Here's the problem- we still need to store a backup of the data in Postgres for non-analytics needs. The Graph database is just for analytics, and we'd prefer for it to remain a secondary data store. Because our business logic changed quite a bit during this migration, two existing tables turned into 4 -- and the current 'backup' selects in Postgres take anywhere from 1 to 6 minutes to run.
I've tried a few ways to optimize this, and the best seems to be turning this into two queries. If anyone can suggest obvious mistakes here , I'd love to hear a suggestion. I've tried switching up left/right/inner joins with little difference in the query planner. The join order does affect a difference ; I think I'm just not getting this correctly.
I'll go into details.
Goal : Retrieve the last 10 attachments sent to a given person
Database Structure :
CREATE TABLE message (
id SERIAL PRIMARY KEY NOT NULL ,
body_raw TEXT
);
CREATE TABLE attachments (
id SERIAL PRIMARY KEY NOT NULL ,
body_raw TEXT
);
CREATE TABLE message_2_attachments (
message_id INT NOT NULL REFERENCES message(id) ,
attachment_id INT NOT NULL REFERENCES attachments(id)
);
CREATE TABLE mailings (
id SERIAL PRIMARY KEY NOT NULL ,
event_timestamp TIMESTAMP not null ,
recipient_id INT NOT NULL ,
message_id INT NOT NULL REFERENCES message(id)
);
sidenote: the reason why a mailing is abstracted from the message is that a mailing often has more than one recipient /and/ a single message can go out to multiple recipients
This query takes about 5 minutes on a relatively small dataset (query planner time is the comment above each item ) :
-- 159374.75
EXPLAIN ANALYZE SELECT attachments.*
FROM attachments
JOIN message_2_attachments ON attachments.id = message_2_attachments.attachment_id
JOIN message ON message_2_attachments.message_id = message.id
JOIN mailings ON mailings.message_id = message.id
WHERE mailings.recipient_id = 1
ORDER BY mailings.event_timestamp desc limit 10 ;
Splitting it up into 2 queries only takes 1/8 the time :
-- 19123.22
EXPLAIN ANALYZE SELECT message_2_attachments.attachment_id
FROM mailings
JOIN message ON mailings.message_id = message.id
JOIN message_2_attachments ON message.id = message_2_attachments.message_id
JOIN attachments ON message_2_attachments.attachment_id = attachments.id
WHERE mailings.recipient_id = 1
ORDER BY mailings.event_timestamp desc limit 10 ;
-- 1.089
EXPLAIN ANALYZE SELECT * FROM attachments WHERE id IN ( results of above query )

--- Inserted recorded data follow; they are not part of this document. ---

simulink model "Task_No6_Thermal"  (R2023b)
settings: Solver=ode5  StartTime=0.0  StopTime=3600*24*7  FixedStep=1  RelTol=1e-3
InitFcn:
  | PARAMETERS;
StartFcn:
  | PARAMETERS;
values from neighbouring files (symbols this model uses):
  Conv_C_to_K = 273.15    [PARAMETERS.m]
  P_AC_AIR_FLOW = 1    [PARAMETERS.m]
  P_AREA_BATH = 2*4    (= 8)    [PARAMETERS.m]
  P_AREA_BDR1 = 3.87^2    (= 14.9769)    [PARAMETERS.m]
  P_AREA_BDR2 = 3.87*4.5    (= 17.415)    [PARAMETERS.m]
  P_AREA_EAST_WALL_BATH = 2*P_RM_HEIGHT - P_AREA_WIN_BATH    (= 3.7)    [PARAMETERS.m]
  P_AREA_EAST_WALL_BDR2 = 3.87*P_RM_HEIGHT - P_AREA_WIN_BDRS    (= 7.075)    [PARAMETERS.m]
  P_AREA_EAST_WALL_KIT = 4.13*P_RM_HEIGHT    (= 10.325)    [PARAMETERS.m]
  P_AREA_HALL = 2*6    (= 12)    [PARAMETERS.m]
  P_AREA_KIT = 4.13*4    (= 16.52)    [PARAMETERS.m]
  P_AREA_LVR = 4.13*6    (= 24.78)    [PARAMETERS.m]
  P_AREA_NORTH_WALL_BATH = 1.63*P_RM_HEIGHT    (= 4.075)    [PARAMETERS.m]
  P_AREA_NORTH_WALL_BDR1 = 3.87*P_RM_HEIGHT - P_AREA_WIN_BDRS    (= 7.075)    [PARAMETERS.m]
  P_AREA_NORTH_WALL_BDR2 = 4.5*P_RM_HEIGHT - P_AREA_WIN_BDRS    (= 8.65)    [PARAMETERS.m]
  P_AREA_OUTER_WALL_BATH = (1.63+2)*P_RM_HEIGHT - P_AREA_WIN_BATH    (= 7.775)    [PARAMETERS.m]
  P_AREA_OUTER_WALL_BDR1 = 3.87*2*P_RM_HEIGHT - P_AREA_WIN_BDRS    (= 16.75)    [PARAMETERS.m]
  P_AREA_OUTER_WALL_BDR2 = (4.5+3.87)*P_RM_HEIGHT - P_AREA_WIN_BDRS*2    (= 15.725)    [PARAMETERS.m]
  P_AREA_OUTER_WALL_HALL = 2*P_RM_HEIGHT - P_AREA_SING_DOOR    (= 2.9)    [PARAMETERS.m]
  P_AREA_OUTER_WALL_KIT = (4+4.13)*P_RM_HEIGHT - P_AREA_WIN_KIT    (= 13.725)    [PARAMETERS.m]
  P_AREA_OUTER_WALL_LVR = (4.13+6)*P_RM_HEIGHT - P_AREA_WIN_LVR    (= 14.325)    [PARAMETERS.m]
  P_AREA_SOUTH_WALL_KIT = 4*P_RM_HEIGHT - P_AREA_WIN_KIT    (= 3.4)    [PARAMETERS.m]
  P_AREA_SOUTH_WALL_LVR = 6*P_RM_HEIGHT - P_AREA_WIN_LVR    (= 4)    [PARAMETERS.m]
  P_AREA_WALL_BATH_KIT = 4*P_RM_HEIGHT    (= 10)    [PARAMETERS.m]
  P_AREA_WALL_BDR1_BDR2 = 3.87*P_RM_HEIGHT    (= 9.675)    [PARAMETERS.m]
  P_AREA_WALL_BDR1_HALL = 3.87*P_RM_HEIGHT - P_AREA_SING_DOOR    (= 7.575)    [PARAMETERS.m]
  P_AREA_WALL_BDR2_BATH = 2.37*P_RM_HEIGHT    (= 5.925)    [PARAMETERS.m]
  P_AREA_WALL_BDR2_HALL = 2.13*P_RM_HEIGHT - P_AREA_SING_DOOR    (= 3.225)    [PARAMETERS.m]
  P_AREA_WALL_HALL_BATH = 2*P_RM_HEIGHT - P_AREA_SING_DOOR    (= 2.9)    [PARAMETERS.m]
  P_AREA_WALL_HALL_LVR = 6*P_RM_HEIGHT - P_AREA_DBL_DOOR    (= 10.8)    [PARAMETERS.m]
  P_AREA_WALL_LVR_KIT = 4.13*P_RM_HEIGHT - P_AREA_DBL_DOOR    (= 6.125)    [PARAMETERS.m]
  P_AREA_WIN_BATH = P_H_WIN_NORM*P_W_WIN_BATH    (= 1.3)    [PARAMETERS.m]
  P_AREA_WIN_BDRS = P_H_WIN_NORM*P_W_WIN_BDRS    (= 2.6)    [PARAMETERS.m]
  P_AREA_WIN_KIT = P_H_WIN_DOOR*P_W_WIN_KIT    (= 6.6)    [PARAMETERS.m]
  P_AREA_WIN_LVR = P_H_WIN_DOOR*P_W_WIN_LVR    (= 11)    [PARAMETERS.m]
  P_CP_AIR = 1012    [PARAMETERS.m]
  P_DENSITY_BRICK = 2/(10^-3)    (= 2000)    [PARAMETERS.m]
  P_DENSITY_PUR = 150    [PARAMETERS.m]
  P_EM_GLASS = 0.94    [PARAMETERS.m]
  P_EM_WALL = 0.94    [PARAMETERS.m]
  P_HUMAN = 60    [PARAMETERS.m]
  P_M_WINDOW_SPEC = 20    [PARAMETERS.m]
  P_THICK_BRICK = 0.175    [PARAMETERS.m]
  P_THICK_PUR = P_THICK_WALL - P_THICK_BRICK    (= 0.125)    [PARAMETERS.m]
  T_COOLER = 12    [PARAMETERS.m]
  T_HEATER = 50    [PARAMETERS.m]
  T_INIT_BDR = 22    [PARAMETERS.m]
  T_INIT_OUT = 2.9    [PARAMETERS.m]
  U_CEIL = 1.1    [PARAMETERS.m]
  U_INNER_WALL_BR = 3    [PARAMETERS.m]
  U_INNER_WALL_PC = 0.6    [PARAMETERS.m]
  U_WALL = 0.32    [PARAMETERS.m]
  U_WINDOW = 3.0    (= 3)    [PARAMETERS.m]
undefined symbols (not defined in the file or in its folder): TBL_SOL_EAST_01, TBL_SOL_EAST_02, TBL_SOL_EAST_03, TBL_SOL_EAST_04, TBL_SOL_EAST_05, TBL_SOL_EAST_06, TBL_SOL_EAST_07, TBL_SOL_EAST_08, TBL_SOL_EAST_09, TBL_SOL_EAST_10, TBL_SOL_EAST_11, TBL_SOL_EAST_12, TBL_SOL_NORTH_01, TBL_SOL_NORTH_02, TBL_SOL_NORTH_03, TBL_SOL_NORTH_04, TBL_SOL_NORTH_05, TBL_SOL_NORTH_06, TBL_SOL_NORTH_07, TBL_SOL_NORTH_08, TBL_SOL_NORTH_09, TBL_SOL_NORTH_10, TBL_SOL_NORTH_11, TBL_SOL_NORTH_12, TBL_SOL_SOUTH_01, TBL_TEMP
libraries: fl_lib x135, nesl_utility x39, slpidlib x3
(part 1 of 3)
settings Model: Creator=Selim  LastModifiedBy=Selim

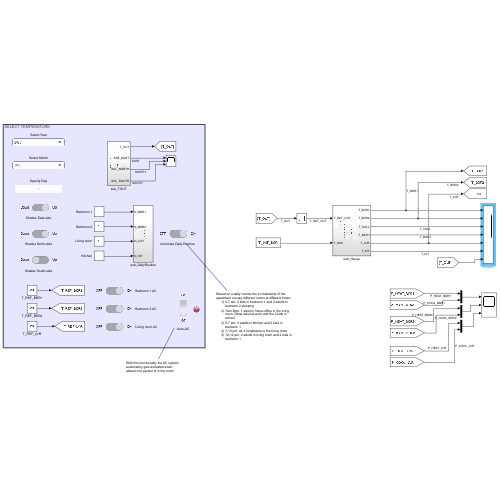
[thumbnail: Simulink's stored preview of the top-level diagram]
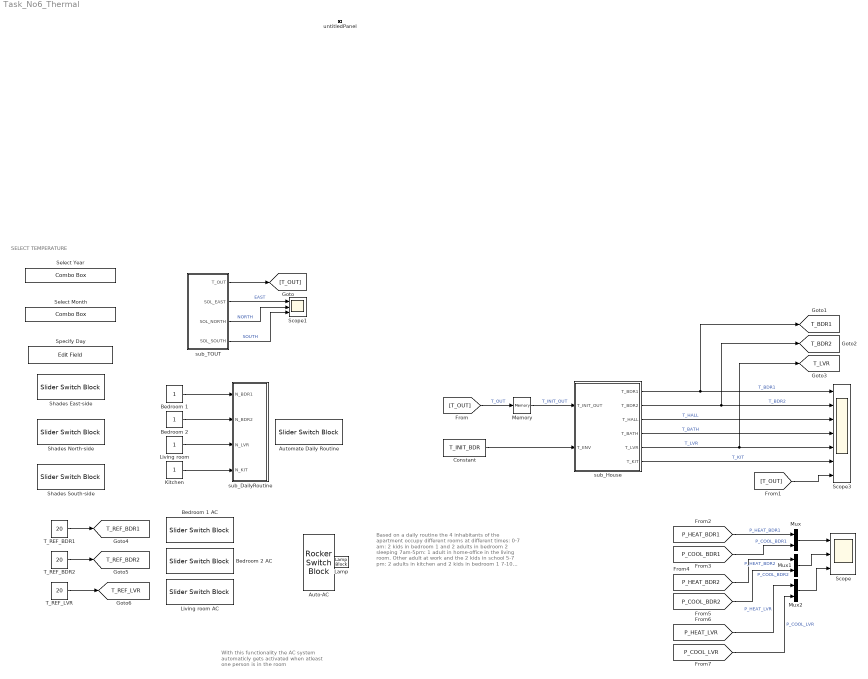
== system Task_No6_Thermal ==
  note: With this functionality the AC system automaticly gets activated when atleast one person is in the room
  note: SELECT TEMPERATURE
  note: Based on a daily routine the 4 inhabitants of the apartment occupy different rooms at different times:
      | 0-7 am: 2 kids in bedroom 1 and 2 adults in bedroom 2 sleeping
      | 7am-5pm: 1 adult in home-office in the living room. Other adult at work and the 2 kids in school
      | 5-7 pm: 2 adults in kitchen and 2 kids in bedroom 1
      | 7-10 pm: all 4 inhabitants in the living room
      | 10-12 pm: 2 adults in living room and 2 kids in bedroom 1
  Auto-AC : RockerSwitchBlock  LabelPosition=Hide
      settings: Values={{'Off', 'On'}, [0 1]}
  Automate Daily Routine : SliderSwitchBlock  LabelPosition=Hide
      settings: Values={{'OFF', 'ON'}, [0 1]}
  Bedroom 1 : Constant
  Bedroom 1 AC : SliderSwitchBlock  LabelPosition=Hide
      settings: Values={{'OFF', 'ON'}, [0 1]}
  Bedroom 2 : Constant
  Bedroom 2 AC : SliderSwitchBlock  LabelPosition=Hide
      settings: Values={{'OFF', 'ON'}, [0 1]}
  Constant : Constant  Value=T_INIT_BDR
  Kitchen : Constant
  Lamp : LampBlock  LabelPosition=Hide
  Living room : Constant
  Living room AC : SliderSwitchBlock  LabelPosition=Hide
      settings: Values={{'OFF', 'ON'}, [0 1]}
  Memory : Memory  InitialCondition=T_INIT_OUT
  Mux : Mux  Inputs=2
  Mux1 : Mux  Inputs=2
  Mux2 : Mux  Inputs=2
  Scope : Scope  NumInputPorts=3
  Scope1 : Scope  NumInputPorts=3
  Scope3 : Scope  NumInputPorts=7
  Select Month : ComboBox  LabelPosition=Hide  SelectedLabel=July
      settings: Values={{'January', 'February', 'March', 'April', 'May', 'June', 'July', 'August', 'September', 'Oktober', 'November', 'December'}, [1 2 3 4 5 6 7 8 9 10 11 12]}
  Select Year : ComboBox  LabelPosition=Hide  SelectedLabel=2023
      settings: Values={{'2022', '2023'}, [2022 2023]}
  Shades East-side : SliderSwitchBlock  LabelPosition=Hide
      settings: Values={{'Down', 'Up'}, [0 1]}
  Shades North-side : SliderSwitchBlock  LabelPosition=Hide
      settings: Values={{'Down', 'Up'}, [0 1]}
  Shades South-side : SliderSwitchBlock  LabelPosition=Hide
      settings: Values={{'Down', 'Up'}, [0 1]}
  Specify Day : EditField  LabelPosition=Hide  ShowInitialText=on  Alignment=Center
  T_REF_BDR1 : Constant  Value=20
  T_REF_BDR2 : Constant  Value=20
  T_REF_LVR : Constant  Value=20
  sub_DailyRoutine : Subsystem
  sub_House : Subsystem
  sub_TOUT : Subsystem
  untitledPanel : Subsystem  Tag=HiddenForWebPanel  IsWebBlockPanel=on
  tag scope: T_BDR1=global, T_BDR2=global, T_LVR=global, T_REF_BDR1=global, T_REF_BDR2=global, T_REF_LVR=global
  wires:
  Memory/1 -> sub_House/1(T_INIT_OUT)  "T_INIT_OUT"
  sub_House/1(T_BDR1) -> [T_BDR1], Scope3/1  "T_BDR1"
  [T_OUT] -> Memory/1  "T_OUT"
  [T_OUT] -> Scope3/7
  Constant/1 -> sub_House/2(T_ENV)
  sub_TOUT/1(T_OUT) -> [T_OUT]
  sub_House/2(T_BDR2) -> [T_BDR2], Scope3/2  "T_BDR2"
  sub_House/3(T_HALL) -> Scope3/3  "T_HALL"
  sub_House/4(T_BATH) -> Scope3/4  "T_BATH"
  sub_House/5(T_LVR) -> [T_LVR], Scope3/5  "T_LVR"
  sub_House/6(T_KIT) -> Scope3/6  "T_KIT"
  sub_TOUT/2(SOL_EAST) -> Scope1/1  "EAST"
  sub_TOUT/3(SOL_NORTH) -> Scope1/2  "NORTH"
  sub_TOUT/4(SOL_SOUTH) -> Scope1/3  "SOUTH"
  Bedroom 1/1 -> sub_DailyRoutine/1(N_BDR1)
  Bedroom 2/1 -> sub_DailyRoutine/2(N_BDR2)
  Living room/1 -> sub_DailyRoutine/3(N_LVR)
  Kitchen/1 -> sub_DailyRoutine/4(N_KIT)
  T_REF_BDR1/1 -> [T_REF_BDR1]
  T_REF_BDR2/1 -> [T_REF_BDR2]
  T_REF_LVR/1 -> [T_REF_LVR]
  Mux/1 -> Scope/1
  Mux1/1 -> Scope/2
  Mux2/1 -> Scope/3
  [P_HEAT_BDR1] -> Mux/1  "P_HEAT_BDR1"
  [P_COOL_BDR1] -> Mux/2  "P_COOL_BDR1"
  [P_HEAT_BDR2] -> Mux1/1  "P_HEAT_BDR2"
  [P_COOL_BDR2] -> Mux1/2  "P_COOL_BDR2"
  [P_HEAT_LVR] -> Mux2/1  "P_HEAT_LVR"
  [P_COOL_LVR] -> Mux2/2  "P_COOL_LVR"

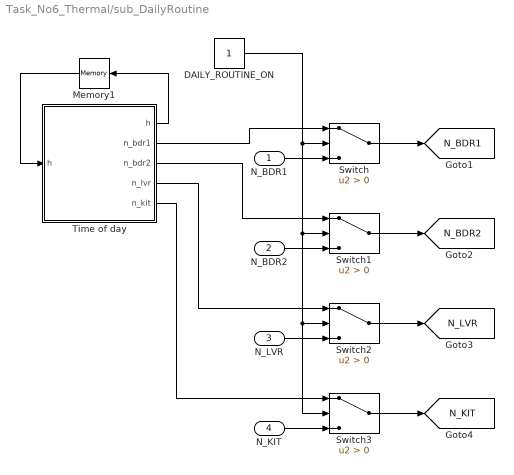
== system Task_No6_Thermal/sub_DailyRoutine ==
  N_BDR1 : Inport
  N_BDR2 : Inport  Port=2
  N_LVR : Inport  Port=3
  N_KIT : Inport  Port=4
  DAILY_ROUTINE_ON : Constant
  Memory1 : Memory
  Switch{,1..3} (4 alike) : Switch  Criteria=u2 > Threshold  SaturateOnIntegerOverflow=off  InputSameDT=off
  Time of day : MATLAB Function  TreatAsAtomicUnit=on
  tag scope: N_BDR1=global, N_BDR2=global, N_KIT=global, N_LVR=global
  wires:
  Switch1/1 -> [N_BDR2]
  Switch2/1 -> [N_LVR]
  Time of day/1(h) -> Memory1/1
  Memory1/1 -> Time of day/1("h ")
  Switch/1 -> [N_BDR1]
  Switch3/1 -> [N_KIT]
  Time of day/2(n_bdr1) -> Switch/1
  Time of day/3(n_bdr2) -> Switch1/1
  Time of day/4(n_lvr) -> Switch2/1
  Time of day/5(n_kit) -> Switch3/1
  DAILY_ROUTINE_ON/1 -> Switch3/2, Switch2/2, Switch1/2, Switch/2
  N_BDR1/1 -> Switch/3
  N_BDR2/1 -> Switch1/3
  N_LVR/1 -> Switch2/3
  N_KIT/1 -> Switch3/3

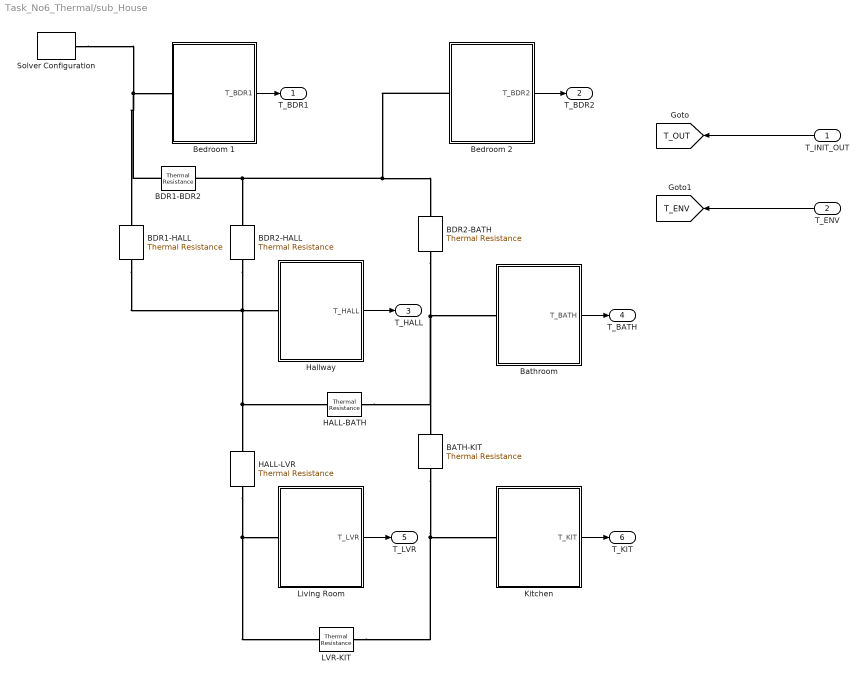
== system Task_No6_Thermal/sub_House ==
  T_INIT_OUT : Inport
  T_ENV : Inport  Port=2
  BATH-KIT : fl_lib/Thermal/Thermal Elements/Thermal Resistance  resistance=1/(U_INNER_WALL_PC*P_AREA_WALL_BATH_KIT) K/W  T_specify=off  T_priority=None  T=0 K  T_nominal_specify=off  T_nominal_unit=K  T_nominal_value=1  Q_specify=off  Q_priority=None  Q=0 W  Q_nominal_specify=off  Q_nominal_unit=W  Q_nominal_value=1
  BDR1-BDR2 : fl_lib/Thermal/Thermal Elements/Thermal Resistance  resistance=1/(U_INNER_WALL_BR*P_AREA_WALL_BDR1_BDR2) K/W  T_specify=off  T_priority=None  T=0 K  T_nominal_specify=off  T_nominal_unit=K  T_nominal_value=1  Q_specify=off  Q_priority=None  Q=0 W  Q_nominal_specify=off  Q_nominal_unit=W  Q_nominal_value=1
  BDR1-HALL : fl_lib/Thermal/Thermal Elements/Thermal Resistance  resistance=1/(U_INNER_WALL_PC*P_AREA_WALL_BDR1_HALL) K/W  T_specify=off  T_priority=None  T=0 K  T_nominal_specify=off  T_nominal_unit=K  T_nominal_value=1  Q_specify=off  Q_priority=None  Q=0 W  Q_nominal_specify=off  Q_nominal_unit=W  Q_nominal_value=1
  BDR2-BATH : fl_lib/Thermal/Thermal Elements/Thermal Resistance  resistance=1/(U_INNER_WALL_PC*P_AREA_WALL_BDR2_BATH) K/W  T_specify=off  T_priority=None  T=0 K  T_nominal_specify=off  T_nominal_unit=K  T_nominal_value=1  Q_specify=off  Q_priority=None  Q=0 W  Q_nominal_specify=off  Q_nominal_unit=W  Q_nominal_value=1
  BDR2-HALL : fl_lib/Thermal/Thermal Elements/Thermal Resistance  resistance=1/(U_INNER_WALL_PC*P_AREA_WALL_BDR2_HALL) K/W  T_specify=off  T_priority=None  T=0 K  T_nominal_specify=off  T_nominal_unit=K  T_nominal_value=1  Q_specify=off  Q_priority=None  Q=0 W  Q_nominal_specify=off  Q_nominal_unit=W  Q_nominal_value=1
  Bathroom : Subsystem
  Bedroom 1 : Subsystem
  Bedroom 2 : Subsystem
  HALL-BATH : fl_lib/Thermal/Thermal Elements/Thermal Resistance  resistance=1/(U_INNER_WALL_BR*P_AREA_WALL_HALL_BATH) K/W  T_specify=off  T_priority=None  T=0 K  T_nominal_specify=off  T_nominal_unit=K  T_nominal_value=1  Q_specify=off  Q_priority=None  Q=0 W  Q_nominal_specify=off  Q_nominal_unit=W  Q_nominal_value=1
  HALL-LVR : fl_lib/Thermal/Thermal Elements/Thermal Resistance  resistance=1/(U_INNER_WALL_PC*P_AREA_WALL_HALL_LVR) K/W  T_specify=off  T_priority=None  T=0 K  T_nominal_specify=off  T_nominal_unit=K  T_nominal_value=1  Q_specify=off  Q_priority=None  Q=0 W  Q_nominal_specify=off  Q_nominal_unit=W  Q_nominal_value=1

I've tried re-writing the queries a handful of times -- different join orders, different types of joins, etc. I can't seem to make this anywhere nearly as efficient in a single query as it can be in two.
UPDATED Github has better formatting, so the full output of explain is here - https://gist.github.com/jvanasco/bc1dd38ca06e52c9a090
Plugged in the output of your explain here : http://explain.depesz.com/s/hqPT
As you can see, the :
Hash Join (cost=96588.85..158413.71 rows=44473 width=3201) (actual time=22590.630..30761.213 rows=44292 loops=1)
Hash Cond: (message_2_attachment.attachment_id = attachment.id)
is taking a good amount of time. I'd try to add indexes to the foreign keys as well with :
CREATE INDEX idx_message_2_attachments_attachment_id ON "message_2_attachments" USING btree (attachment_id);
CREATE INDEX idx_message_2_attachments_message_id ON "message_2_attachments" USING btree (message_id);`
CREATE INDEX idx_mailings_message_id ON "mailings" USING btree (message_id);
The junction table is missing a primary key. Also it is advisable to add a reversed index on this PK:
CREATE TABLE message_2_attachments (
message_id INT NOT NULL REFERENCES message(id) ,
attachment_id INT NOT NULL REFERENCES attachments(id)
, PRIMARY KEY (message_id,attachment_id) -- <<== here
);
CREATE UNIQUE INDEX ON message_2_attachments(attachment_id,message_id); -- <<== here
For the mailings table, the situation is not so clear. It looks like some combination of {event_timestamp, recipient_id, message_id} could function as a candidate key. The id field merely functions as a surrogate.